== Data ==

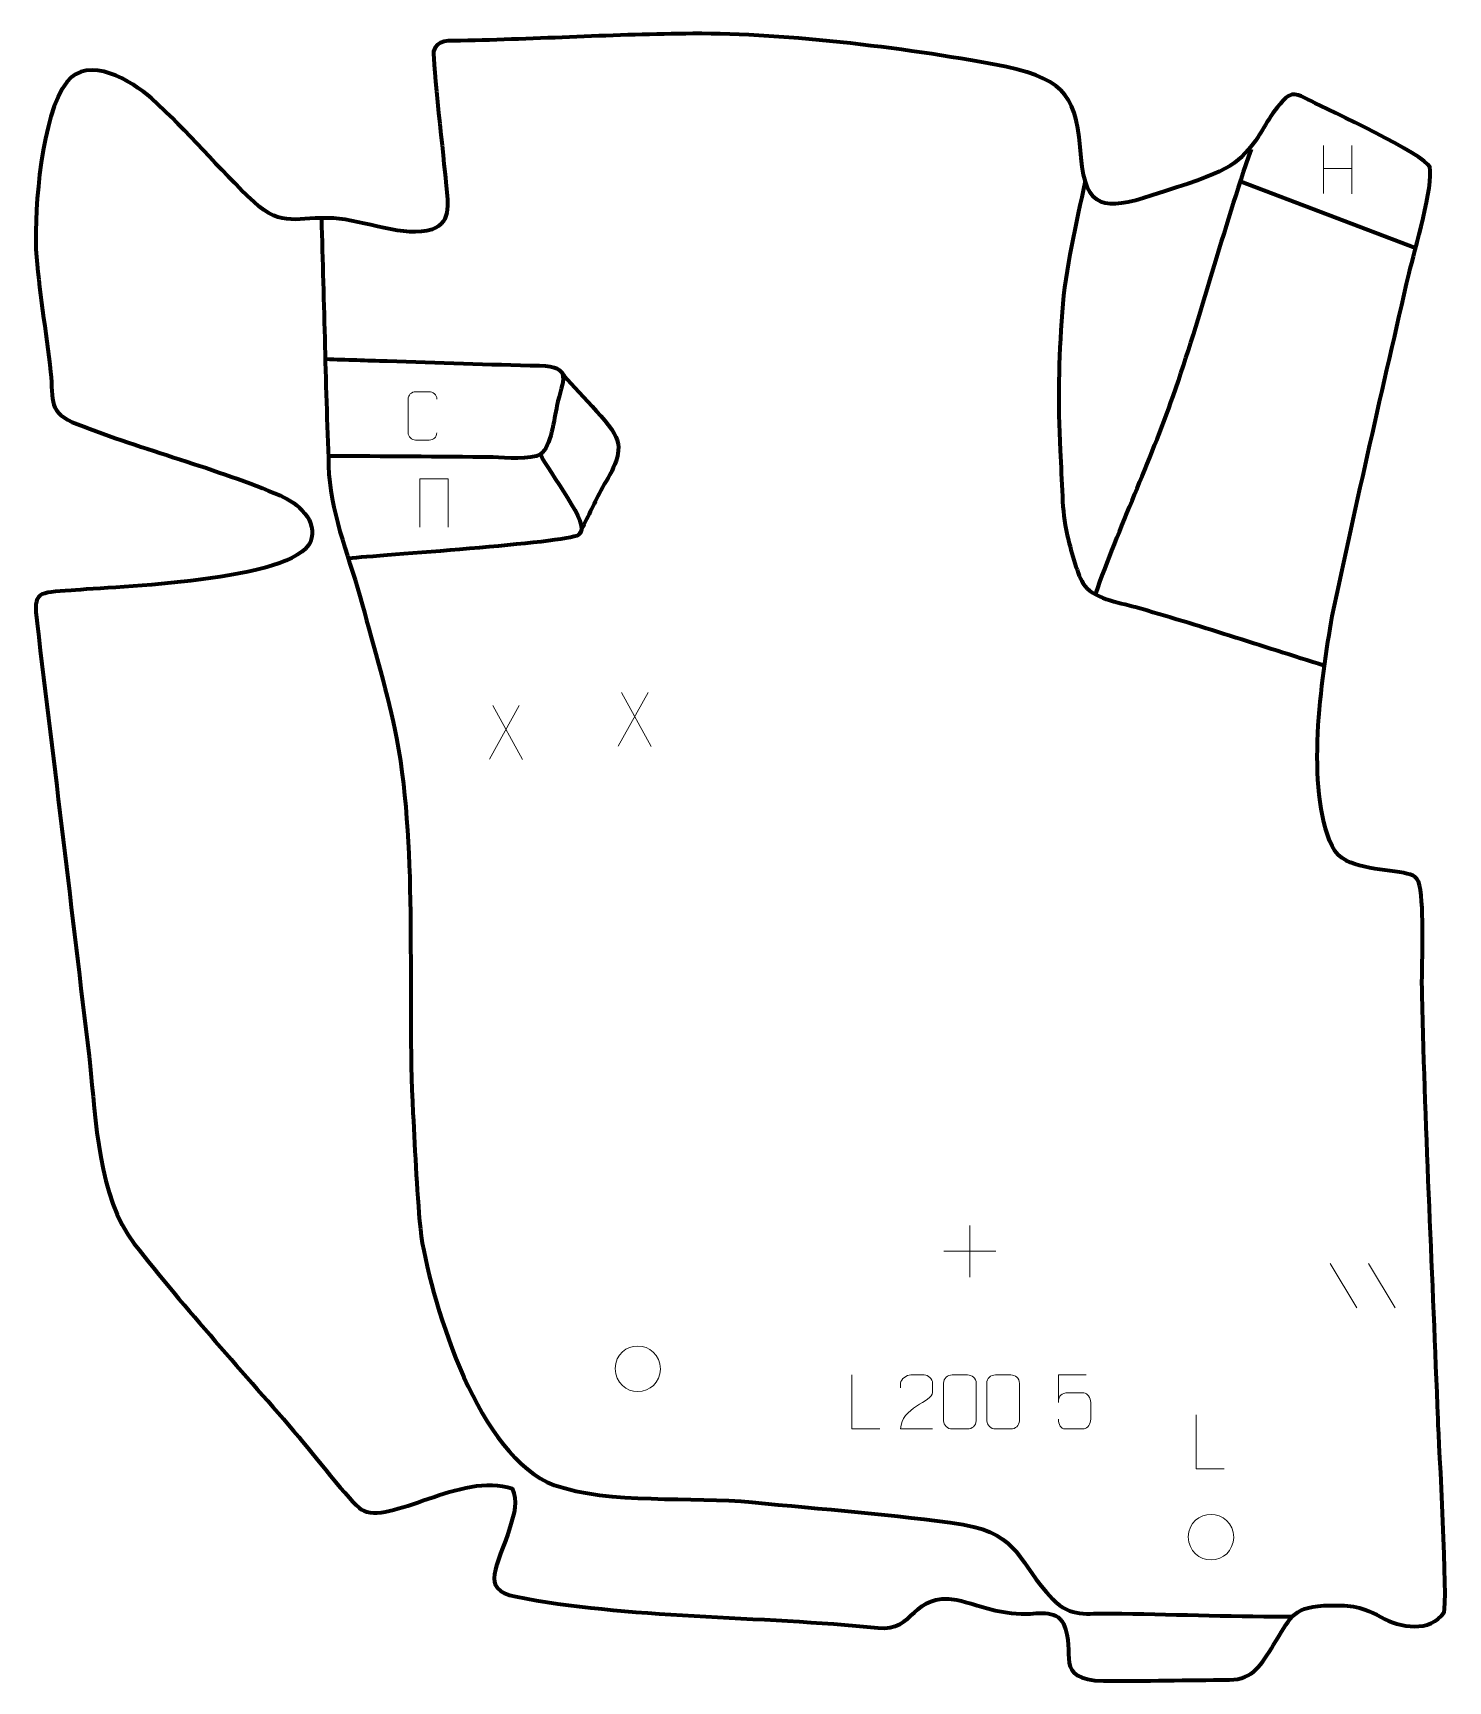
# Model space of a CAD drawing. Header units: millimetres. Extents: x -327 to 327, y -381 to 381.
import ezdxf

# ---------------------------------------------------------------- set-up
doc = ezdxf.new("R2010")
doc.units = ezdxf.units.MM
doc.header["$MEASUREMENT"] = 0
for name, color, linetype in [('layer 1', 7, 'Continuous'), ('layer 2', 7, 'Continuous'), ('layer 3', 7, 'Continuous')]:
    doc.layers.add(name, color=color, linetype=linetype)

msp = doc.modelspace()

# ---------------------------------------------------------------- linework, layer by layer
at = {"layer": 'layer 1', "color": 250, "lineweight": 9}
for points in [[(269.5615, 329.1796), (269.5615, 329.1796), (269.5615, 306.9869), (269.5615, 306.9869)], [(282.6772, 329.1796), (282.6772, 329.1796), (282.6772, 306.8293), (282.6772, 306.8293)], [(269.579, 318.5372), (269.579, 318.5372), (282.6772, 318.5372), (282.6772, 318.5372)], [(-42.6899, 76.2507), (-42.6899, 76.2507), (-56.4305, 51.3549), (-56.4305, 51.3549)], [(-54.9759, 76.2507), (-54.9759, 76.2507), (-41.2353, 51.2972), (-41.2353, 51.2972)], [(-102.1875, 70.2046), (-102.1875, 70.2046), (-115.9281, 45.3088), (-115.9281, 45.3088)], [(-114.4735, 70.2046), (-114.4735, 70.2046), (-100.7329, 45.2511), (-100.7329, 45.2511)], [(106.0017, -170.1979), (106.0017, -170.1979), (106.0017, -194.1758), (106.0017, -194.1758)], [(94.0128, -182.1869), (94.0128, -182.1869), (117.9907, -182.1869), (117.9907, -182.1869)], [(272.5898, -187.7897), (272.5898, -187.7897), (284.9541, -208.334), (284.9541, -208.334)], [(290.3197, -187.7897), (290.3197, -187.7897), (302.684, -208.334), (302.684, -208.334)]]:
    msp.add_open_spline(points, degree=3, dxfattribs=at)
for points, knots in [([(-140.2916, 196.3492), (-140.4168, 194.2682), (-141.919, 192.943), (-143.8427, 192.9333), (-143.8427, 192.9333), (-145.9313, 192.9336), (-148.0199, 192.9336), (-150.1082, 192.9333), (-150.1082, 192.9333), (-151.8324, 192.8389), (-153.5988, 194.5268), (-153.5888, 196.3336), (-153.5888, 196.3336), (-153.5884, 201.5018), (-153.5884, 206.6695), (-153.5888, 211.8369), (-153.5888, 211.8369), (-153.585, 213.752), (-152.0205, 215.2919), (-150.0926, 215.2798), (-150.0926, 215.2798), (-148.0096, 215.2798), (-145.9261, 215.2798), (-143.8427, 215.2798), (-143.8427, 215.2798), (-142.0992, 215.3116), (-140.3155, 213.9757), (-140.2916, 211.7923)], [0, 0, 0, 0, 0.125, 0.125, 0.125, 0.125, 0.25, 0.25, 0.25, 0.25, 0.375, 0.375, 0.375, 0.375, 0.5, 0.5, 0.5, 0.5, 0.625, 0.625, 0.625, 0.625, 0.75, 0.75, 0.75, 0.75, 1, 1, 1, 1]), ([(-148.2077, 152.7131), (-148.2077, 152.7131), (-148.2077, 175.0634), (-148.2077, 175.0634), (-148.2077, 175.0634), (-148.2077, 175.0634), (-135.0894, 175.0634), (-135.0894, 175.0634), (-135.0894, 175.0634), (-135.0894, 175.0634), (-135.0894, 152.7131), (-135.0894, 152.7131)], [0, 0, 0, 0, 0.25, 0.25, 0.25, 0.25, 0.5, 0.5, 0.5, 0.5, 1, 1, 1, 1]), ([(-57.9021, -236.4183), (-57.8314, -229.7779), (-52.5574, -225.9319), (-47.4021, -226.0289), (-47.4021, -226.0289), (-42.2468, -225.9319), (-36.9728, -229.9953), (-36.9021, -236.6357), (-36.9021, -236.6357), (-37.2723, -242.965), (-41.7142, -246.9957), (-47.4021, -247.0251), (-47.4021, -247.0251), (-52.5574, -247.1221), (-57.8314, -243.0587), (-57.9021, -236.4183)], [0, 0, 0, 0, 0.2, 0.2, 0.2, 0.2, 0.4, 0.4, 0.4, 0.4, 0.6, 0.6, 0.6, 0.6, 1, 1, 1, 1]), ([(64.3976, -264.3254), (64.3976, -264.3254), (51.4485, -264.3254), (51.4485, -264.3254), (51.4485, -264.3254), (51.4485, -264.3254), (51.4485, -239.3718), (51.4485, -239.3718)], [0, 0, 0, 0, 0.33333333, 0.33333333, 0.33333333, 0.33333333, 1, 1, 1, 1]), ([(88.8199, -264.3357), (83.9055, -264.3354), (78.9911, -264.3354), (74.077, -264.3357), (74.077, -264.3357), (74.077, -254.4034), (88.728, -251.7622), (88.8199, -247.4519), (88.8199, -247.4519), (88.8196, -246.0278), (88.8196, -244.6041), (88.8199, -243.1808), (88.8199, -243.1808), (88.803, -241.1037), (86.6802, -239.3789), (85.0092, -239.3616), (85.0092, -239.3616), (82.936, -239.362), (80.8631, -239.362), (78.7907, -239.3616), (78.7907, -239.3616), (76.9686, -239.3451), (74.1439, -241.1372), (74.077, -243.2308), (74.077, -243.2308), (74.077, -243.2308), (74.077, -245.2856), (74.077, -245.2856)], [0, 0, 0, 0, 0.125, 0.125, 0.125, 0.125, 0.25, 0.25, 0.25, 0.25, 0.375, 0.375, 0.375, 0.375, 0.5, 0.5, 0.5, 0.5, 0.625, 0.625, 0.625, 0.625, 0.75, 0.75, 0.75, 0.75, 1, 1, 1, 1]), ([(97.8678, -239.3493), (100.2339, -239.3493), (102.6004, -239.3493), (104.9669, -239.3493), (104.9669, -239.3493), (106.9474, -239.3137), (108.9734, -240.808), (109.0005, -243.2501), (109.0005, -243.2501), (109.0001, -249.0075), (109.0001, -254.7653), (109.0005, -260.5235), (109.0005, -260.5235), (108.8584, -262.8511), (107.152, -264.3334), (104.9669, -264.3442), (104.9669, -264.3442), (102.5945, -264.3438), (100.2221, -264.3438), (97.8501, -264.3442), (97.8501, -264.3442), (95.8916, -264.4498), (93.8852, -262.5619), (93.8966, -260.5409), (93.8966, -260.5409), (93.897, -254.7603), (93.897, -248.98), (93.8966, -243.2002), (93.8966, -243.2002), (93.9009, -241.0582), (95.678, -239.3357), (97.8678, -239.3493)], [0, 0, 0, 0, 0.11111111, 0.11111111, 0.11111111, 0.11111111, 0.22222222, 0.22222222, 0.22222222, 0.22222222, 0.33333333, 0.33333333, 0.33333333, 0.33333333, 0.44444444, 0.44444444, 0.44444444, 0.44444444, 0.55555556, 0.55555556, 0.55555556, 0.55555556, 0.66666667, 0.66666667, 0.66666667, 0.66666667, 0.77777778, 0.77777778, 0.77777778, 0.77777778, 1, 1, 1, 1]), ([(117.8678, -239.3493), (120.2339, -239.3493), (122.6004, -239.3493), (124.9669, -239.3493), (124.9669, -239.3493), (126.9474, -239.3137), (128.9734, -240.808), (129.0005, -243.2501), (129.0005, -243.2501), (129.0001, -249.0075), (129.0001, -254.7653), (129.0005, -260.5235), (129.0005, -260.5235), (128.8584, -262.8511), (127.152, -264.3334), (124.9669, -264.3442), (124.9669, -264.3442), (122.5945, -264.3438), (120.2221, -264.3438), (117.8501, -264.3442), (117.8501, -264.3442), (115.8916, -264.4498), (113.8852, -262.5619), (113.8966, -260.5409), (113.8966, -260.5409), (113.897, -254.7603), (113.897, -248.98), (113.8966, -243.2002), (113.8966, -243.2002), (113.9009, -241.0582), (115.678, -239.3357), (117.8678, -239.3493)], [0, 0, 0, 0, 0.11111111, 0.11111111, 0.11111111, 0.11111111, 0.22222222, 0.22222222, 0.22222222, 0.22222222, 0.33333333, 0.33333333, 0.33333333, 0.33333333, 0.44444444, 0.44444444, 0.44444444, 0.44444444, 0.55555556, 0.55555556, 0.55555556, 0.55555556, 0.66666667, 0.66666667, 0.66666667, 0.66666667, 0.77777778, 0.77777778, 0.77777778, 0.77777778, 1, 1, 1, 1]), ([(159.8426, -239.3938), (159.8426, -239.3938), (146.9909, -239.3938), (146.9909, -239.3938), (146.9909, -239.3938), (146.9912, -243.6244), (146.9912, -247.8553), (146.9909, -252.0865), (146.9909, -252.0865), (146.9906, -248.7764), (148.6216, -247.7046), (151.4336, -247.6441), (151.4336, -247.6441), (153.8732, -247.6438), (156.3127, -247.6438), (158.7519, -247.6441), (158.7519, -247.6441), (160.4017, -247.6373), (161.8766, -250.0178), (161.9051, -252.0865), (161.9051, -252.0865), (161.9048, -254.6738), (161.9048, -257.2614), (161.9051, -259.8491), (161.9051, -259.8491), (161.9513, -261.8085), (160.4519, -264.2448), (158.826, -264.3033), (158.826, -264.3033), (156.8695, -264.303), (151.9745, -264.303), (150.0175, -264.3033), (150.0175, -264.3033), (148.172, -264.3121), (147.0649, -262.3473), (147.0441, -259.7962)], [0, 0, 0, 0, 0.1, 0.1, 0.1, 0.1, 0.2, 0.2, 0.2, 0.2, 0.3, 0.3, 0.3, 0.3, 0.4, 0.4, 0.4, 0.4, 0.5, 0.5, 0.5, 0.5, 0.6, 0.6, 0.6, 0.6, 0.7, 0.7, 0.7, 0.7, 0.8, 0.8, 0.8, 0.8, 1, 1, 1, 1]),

===

(Work instruction) For each line of the entries that holds the word "units", pull that line out.

(Exercise output)
# Model space of a CAD drawing. Header units: millimetres. Extents: x -327 to 327, y -381 to 381.
doc.units = ezdxf.units.MM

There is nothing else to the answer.